▸ **EXERCISE GOAL**:
Where the records below reach the line containing "#52 = VECTOR ( 'NONE', #14859, 39.37008 ) ;", start transcribing, and end with the line containing "#9247 = EDGE_CURVE", exactly and with nothing else added.

▸ **THE INPUT**:
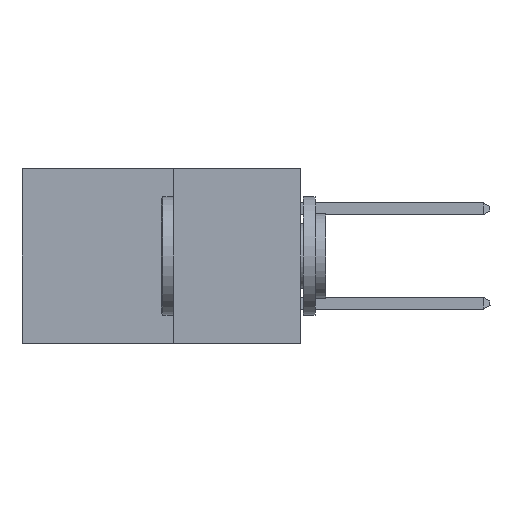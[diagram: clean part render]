
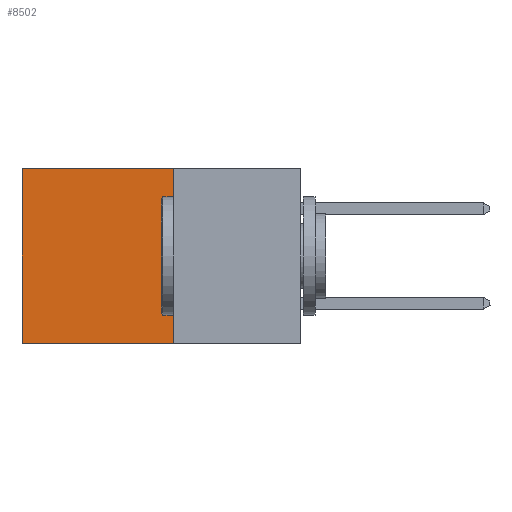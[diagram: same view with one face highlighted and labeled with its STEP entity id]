
A CAD part, left-side view. The second image highlights one B-rep face of the part: STEP entity #8502.
In plain terms, the highlighted planar face has unit normal (-1, 0, 0).
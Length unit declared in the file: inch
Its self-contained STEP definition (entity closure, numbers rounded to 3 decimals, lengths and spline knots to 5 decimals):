
#52 = VECTOR ( 'NONE', #14859, 39.37008 ) ;
#370 = EDGE_CURVE ( 'NONE', #13492, #5504, #14458, .T. ) ;
#3307 = DIRECTION ( 'NONE',  ( 1., 0., 0. ) ) ;
#3471 = CARTESIAN_POINT ( 'NONE',  ( 0.277, 0.27, 0. ) ) ;
#3939 = LINE ( 'NONE', #3471, #52 ) ;
#4622 = LINE ( 'NONE', #14400, #15878 ) ;
#4973 = VERTEX_POINT ( 'NONE', #10583 ) ;
#5002 = EDGE_CURVE ( 'NONE', #8086, #4973, #9893, .T. ) ;
#5504 = VERTEX_POINT ( 'NONE', #10388 ) ;
#6313 = ORIENTED_EDGE ( 'NONE', *, *, #9247, .T. ) ;
#6668 = CARTESIAN_POINT ( 'NONE',  ( 0.277, 0.59, 0. ) ) ;
#7715 = FACE_OUTER_BOUND ( 'NONE', #9624, .T. ) ;
#8086 = VERTEX_POINT ( 'NONE', #6668 ) ;
#8467 = ORIENTED_EDGE ( 'NONE', *, *, #370, .F. ) ;
#8502 = ADVANCED_FACE ( 'NONE', ( #7715 ), #11850, .F. ) ;
#8619 = ORIENTED_EDGE ( 'NONE', *, *, #5002, .T. ) ;
#8663 = DIRECTION ( 'NONE',  ( 0., 1., 0. ) ) ;
#8725 = DIRECTION ( 'NONE',  ( 0., 0., -1. ) ) ;
#8805 = CARTESIAN_POINT ( 'NONE',  ( 0.277, 0.27, -0.37 ) ) ;
#8963 = EDGE_CURVE ( 'NONE', #5504, #4973, #4622, .T. ) ;
#9247 = EDGE_CURVE ( 'NONE', #13492, #8086, #3939, .T. ) ;
#9624 = EDGE_LOOP ( 'NONE', ( #8619, #10922, #8467, #6313 ) ) ;
#9893 = LINE ( 'NONE', #13984, #13221 ) ;
#10388 = CARTESIAN_POINT ( 'NONE',  ( 0.277, 0.27, -0.37 ) ) ;
#10583 = CARTESIAN_POINT ( 'NONE',  ( 0.277, 0.59, -0.37 ) ) ;
#10922 = ORIENTED_EDGE ( 'NONE', *, *, #8963, .F. ) ;
#11064 = CARTESIAN_POINT ( 'NONE',  ( 0.277, 0.27, 0. ) ) ;
#11850 = PLANE ( 'NONE',  #17114 ) ;
#13221 = VECTOR ( 'NONE', #17251, 39.37008 ) ;
#13279 = DIRECTION ( 'NONE',  ( 0., 0., -1. ) ) ;
#13492 = VERTEX_POINT ( 'NONE', #11064 ) ;
#13984 = CARTESIAN_POINT ( 'NONE',  ( 0.277, 0.59, -0.37 ) ) ;
#14044 = VECTOR ( 'NONE', #8725, 39.37008 ) ;
#14400 = CARTESIAN_POINT ( 'NONE',  ( 0.277, 0.27, -0.37 ) ) ;
#14458 = LINE ( 'NONE', #8805, #14044 ) ;
#14859 = DIRECTION ( 'NONE',  ( 0., 1., 0. ) ) ;
#15878 = VECTOR ( 'NONE', #8663, 39.37008 ) ;
#17114 = AXIS2_PLACEMENT_3D ( 'NONE', #17366, #3307, #13279 ) ;
#17251 = DIRECTION ( 'NONE',  ( 0., 0., -1. ) ) ;
#17366 = CARTESIAN_POINT ( 'NONE',  ( 0.277, 0.27, -0.37 ) ) ;

▸ **RESPONSE AREA**:
#52 = VECTOR ( 'NONE', #14859, 39.37008 ) ;
#370 = EDGE_CURVE ( 'NONE', #13492, #5504, #14458, .T. ) ;
#3307 = DIRECTION ( 'NONE',  ( 1., 0., 0. ) ) ;
#3471 = CARTESIAN_POINT ( 'NONE',  ( 0.277, 0.27, 0. ) ) ;
#3939 = LINE ( 'NONE', #3471, #52 ) ;
#4622 = LINE ( 'NONE', #14400, #15878 ) ;
#4973 = VERTEX_POINT ( 'NONE', #10583 ) ;
#5002 = EDGE_CURVE ( 'NONE', #8086, #4973, #9893, .T. ) ;
#5504 = VERTEX_POINT ( 'NONE', #10388 ) ;
#6313 = ORIENTED_EDGE ( 'NONE', *, *, #9247, .T. ) ;
#6668 = CARTESIAN_POINT ( 'NONE',  ( 0.277, 0.59, 0. ) ) ;
#7715 = FACE_OUTER_BOUND ( 'NONE', #9624, .T. ) ;
#8086 = VERTEX_POINT ( 'NONE', #6668 ) ;
#8467 = ORIENTED_EDGE ( 'NONE', *, *, #370, .F. ) ;
#8502 = ADVANCED_FACE ( 'NONE', ( #7715 ), #11850, .F. ) ;
#8619 = ORIENTED_EDGE ( 'NONE', *, *, #5002, .T. ) ;
#8663 = DIRECTION ( 'NONE',  ( 0., 1., 0. ) ) ;
#8725 = DIRECTION ( 'NONE',  ( 0., 0., -1. ) ) ;
#8805 = CARTESIAN_POINT ( 'NONE',  ( 0.277, 0.27, -0.37 ) ) ;
#8963 = EDGE_CURVE ( 'NONE', #5504, #4973, #4622, .T. ) ;
#9247 = EDGE_CURVE ( 'NONE', #13492, #8086, #3939, .T. ) ;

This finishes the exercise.